A sector of a circle with radius 21 cm has an area of 280\(cm^{2}\). (a) Calculate, correct to 1 decimal place, the perimeter of the sector. (b) If the sector is bent such that its straight edges coincide to form a cone, calculate, correct to the nearest degree, the vertical angle of the cone. [Take \(\pi = \frac{22}{7}\)].
Explanation
(a) Area of sector = \(\frac{\theta}{360} \times \pi r^{2}\) \(280 = \frac{\theta}{360} \times \frac{22}{7} \times 21 \times 21\) \(280 = \frac{1386 \theta}{360}\) \(\theta = \frac{280 \times 360}{1386}\) \(\theta = 72.72°\) Perimeter of sector = \(2r + \frac{\theta}{360} \times 2\pi r\) = \(2(21) + \frac{72.72}{360} \times 2 \times \frac{22}{7} \times 21\) = \(42 + (0.202 \times 2 \times 66)\) = \(42 + 26.667\) = \(68.667 cm\) \(\approxeq 68.7 cm\) (b) When the sector is bent to form a cone, its radius becomes the slant height of the cone.
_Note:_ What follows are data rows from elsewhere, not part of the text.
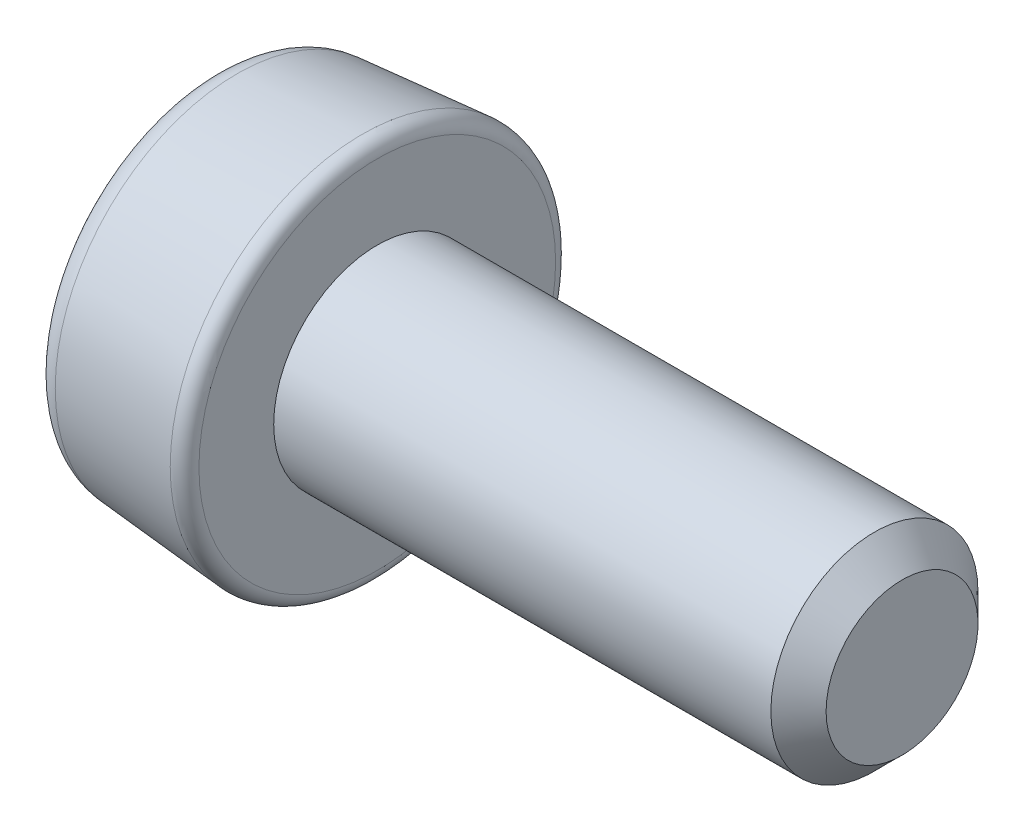
ISO-10303-21;
HEADER;
FILE_DESCRIPTION(('STEP AP214'),'2;1');
FILE_NAME('part.step','',(''),(''),'','','');
FILE_SCHEMA(('AUTOMOTIVE_DESIGN { 1 0 10303 214 1 1 1 1 }'));
ENDSEC;
DATA;
#1=APPLICATION_CONTEXT('core data for automotive mechanical design processes');
#2=APPLICATION_PROTOCOL_DEFINITION('international standard','automotive_design',2000,#1);
#3=PRODUCT_CONTEXT('',#1,'mechanical');
#4=PRODUCT('Part','Part','',(#3));
#5=PRODUCT_RELATED_PRODUCT_CATEGORY('part','',(#4));
#6=PRODUCT_DEFINITION_FORMATION('','',#4);
#7=PRODUCT_DEFINITION_CONTEXT('part definition',#1,'design');
#8=PRODUCT_DEFINITION('design','',#6,#7);
#9=PRODUCT_DEFINITION_SHAPE('','',#8);
#10=(LENGTH_UNIT() NAMED_UNIT(*) SI_UNIT(.MILLI.,.METRE.));
#11=(NAMED_UNIT(*) PLANE_ANGLE_UNIT() SI_UNIT($,.RADIAN.));
#12=(NAMED_UNIT(*) SI_UNIT($,.STERADIAN.) SOLID_ANGLE_UNIT());
#13=UNCERTAINTY_MEASURE_WITH_UNIT(LENGTH_MEASURE(1.E-05),#10,'distance_accuracy_value','');
#14=(GEOMETRIC_REPRESENTATION_CONTEXT(3) GLOBAL_UNCERTAINTY_ASSIGNED_CONTEXT((#13)) GLOBAL_UNIT_ASSIGNED_CONTEXT((#10,
#11,#12)) REPRESENTATION_CONTEXT('',''));
#15=CARTESIAN_POINT('',(0.,0.,0.));
#16=DIRECTION('',(0.,0.,1.));
#17=DIRECTION('',(1.,0.,0.));
#18=AXIS2_PLACEMENT_3D('',#15,#16,#17);
#19=CARTESIAN_POINT('',(-1.2,1.1159734236868,0.));
#20=DIRECTION('',(1.,0.,0.));
#21=DIRECTION('',(0.,0.,-1.));
#22=AXIS2_PLACEMENT_3D('',#19,#20,#21);
#23=PLANE('',#22);
#24=DIRECTION('',(0.,1.,0.));
#25=VECTOR('',#24,1.);
#26=CARTESIAN_POINT('',(-1.2,0.,0.15));
#27=LINE('',#26,#25);
#28=CARTESIAN_POINT('',(-1.2,0.349999999999998,0.15));
#29=VERTEX_POINT('',#28);
#30=CARTESIAN_POINT('',(-1.2,0.7,0.15));
#31=VERTEX_POINT('',#30);
#32=EDGE_CURVE('E229',#29,#31,#27,.T.);
#33=ORIENTED_EDGE('',*,*,#32,.F.);
#34=DIRECTION('',(0.,0.707106781186543,-0.707106781186552));
#35=VECTOR('',#34,1.);
#36=CARTESIAN_POINT('',(-1.2,0.349999999999998,0.15));
#37=LINE('',#36,#35);
#38=CARTESIAN_POINT('',(-1.2,0.150000000000001,0.35));
#39=VERTEX_POINT('',#38);
#40=EDGE_CURVE('E267',#29,#39,#37,.F.);
#41=ORIENTED_EDGE('',*,*,#40,.T.);
#42=DIRECTION('',(0.,0.,-1.));
#43=VECTOR('',#42,1.);
#44=CARTESIAN_POINT('',(-1.2,0.15,0.));
#45=LINE('',#44,#43);
#46=CARTESIAN_POINT('',(-1.2,0.150000000000007,0.699999999999999));
#47=VERTEX_POINT('',#46);
#48=EDGE_CURVE('E208',#47,#39,#45,.T.);
#49=ORIENTED_EDGE('',*,*,#48,.F.);
#50=DIRECTION('',(0.,1.,0.));
#51=VECTOR('',#50,1.);
#52=CARTESIAN_POINT('',(-1.2,0.150000000000007,0.699999999999999));
#53=LINE('',#52,#51);
#54=CARTESIAN_POINT('',(-1.2,-0.149999999999993,0.700000000000002));
#55=VERTEX_POINT('',#54);
#56=EDGE_CURVE('E154',#55,#47,#53,.T.);
#57=ORIENTED_EDGE('',*,*,#56,.F.);
#58=DIRECTION('',(0.,0.,1.));
#59=VECTOR('',#58,1.);
#60=CARTESIAN_POINT('',(-1.2,-0.15,0.));
#61=LINE('',#60,#59);
#62=CARTESIAN_POINT('',(-1.2,-0.149999999999996,0.350000000000003));
#63=VERTEX_POINT('',#62);
#64=EDGE_CURVE('E160',#63,#55,#61,.T.);
#65=ORIENTED_EDGE('',*,*,#64,.F.);
#66=DIRECTION('',(0.,0.707106781186554,0.707106781186541));
#67=VECTOR('',#66,1.);
#68=CARTESIAN_POINT('',(-1.2,-0.35,0.150000000000002));
#69=LINE('',#68,#67);
#70=CARTESIAN_POINT('',(-1.2,-0.35,0.150000000000002));
#71=VERTEX_POINT('',#70);
#72=EDGE_CURVE('E265',#63,#71,#69,.F.);
#73=ORIENTED_EDGE('',*,*,#72,.T.);
#74=DIRECTION('',(0.,1.,0.));
#75=VECTOR('',#74,1.);
#76=CARTESIAN_POINT('',(-1.2,0.,0.15));
#77=LINE('',#76,#75);
#78=CARTESIAN_POINT('',(-1.2,-0.699999999999999,0.150000000000005));
#79=VERTEX_POINT('',#78);
#80=EDGE_CURVE('E172',#79,#71,#77,.T.);
#81=ORIENTED_EDGE('',*,*,#80,.F.);
#82=DIRECTION('',(0.,0.,1.));
#83=VECTOR('',#82,1.);
#84=CARTESIAN_POINT('',(-1.2,-0.699999999999999,0.150000000000005));
#85=LINE('',#84,#83);
#86=CARTESIAN_POINT('',(-1.2,-0.700000000000001,-0.149999999999995));
#87=VERTEX_POINT('',#86);
#88=EDGE_CURVE('E177',#87,#79,#85,.T.);
#89=ORIENTED_EDGE('',*,*,#88,.F.);
#90=DIRECTION('',(0.,-1.,0.));
#91=VECTOR('',#90,1.);
#92=CARTESIAN_POINT('',(-1.2,0.,-0.15));
#93=LINE('',#92,#91);
#94=CARTESIAN_POINT('',(-1.2,-0.350000000000003,-0.149999999999998));
#95=VERTEX_POINT('',#94);
#96=EDGE_CURVE('E185',#95,#87,#93,.T.);
#97=ORIENTED_EDGE('',*,*,#96,.F.);
#98=DIRECTION('',(0.,-0.707106781186544,0.707106781186551));
#99=VECTOR('',#98,1.);
#100=CARTESIAN_POINT('',(-1.2,-0.150000000000001,-0.350000000000001));
#101=LINE('',#100,#99);
#102=CARTESIAN_POINT('',(-1.2,-0.150000000000001,-0.350000000000001));
#103=VERTEX_POINT('',#102);
#104=EDGE_CURVE('E263',#95,#103,#101,.F.);
#105=ORIENTED_EDGE('',*,*,#104,.T.);
#106=DIRECTION('',(0.,0.,1.));
#107=VECTOR('',#106,1.);
#108=CARTESIAN_POINT('',(-1.2,-0.15,0.));
#109=LINE('',#108,#107);
#110=CARTESIAN_POINT('',(-1.2,-0.150000000000002,-0.699999999999999));
#111=VERTEX_POINT('',#110);
#112=EDGE_CURVE('E191',#111,#103,#109,.T.);
#113=ORIENTED_EDGE('',*,*,#112,.F.);
#114=DIRECTION('',(0.,-1.,0.));
#115=VECTOR('',#114,1.);
#116=CARTESIAN_POINT('',(-1.2,-0.150000000000002,-0.699999999999999));
#117=LINE('',#116,#115);
#118=CARTESIAN_POINT('',(-1.2,0.149999999999998,-0.700000000000001));
#119=VERTEX_POINT('',#118);
#120=EDGE_CURVE('E198',#119,#111,#117,.T.);
#121=ORIENTED_EDGE('',*,*,#120,.F.);
#122=CARTESIAN_POINT('',(-1.2,0.149999999999999,-0.35));
#123=VERTEX_POINT('',#122);
#124=EDGE_CURVE('E207',#123,#119,#45,.T.);
#125=ORIENTED_EDGE('',*,*,#124,.F.);
#126=DIRECTION('',(0.,-0.707106781186549,-0.707106781186546));
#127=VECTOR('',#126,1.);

The radius of the base of the cone is obtained from the relation \(r = \frac{R \theta}{360}\), where r = radius of the base of the cone, R = radius of the sector, θ = angle of the sector. Therefore, r = \(\frac{21 \times 800}{11 \times 360}\) = \(\frac{140}{33}\) If y is the vertical angle of the cone, then \(sin \frac{y}{2} = \frac{r}{l}\) = \(\frac{140}{33 \times 21}\) = 0.2020 Hence, required angle = y = 2 x sin\(^{-1}\) (0.2020) = 23\(^o\).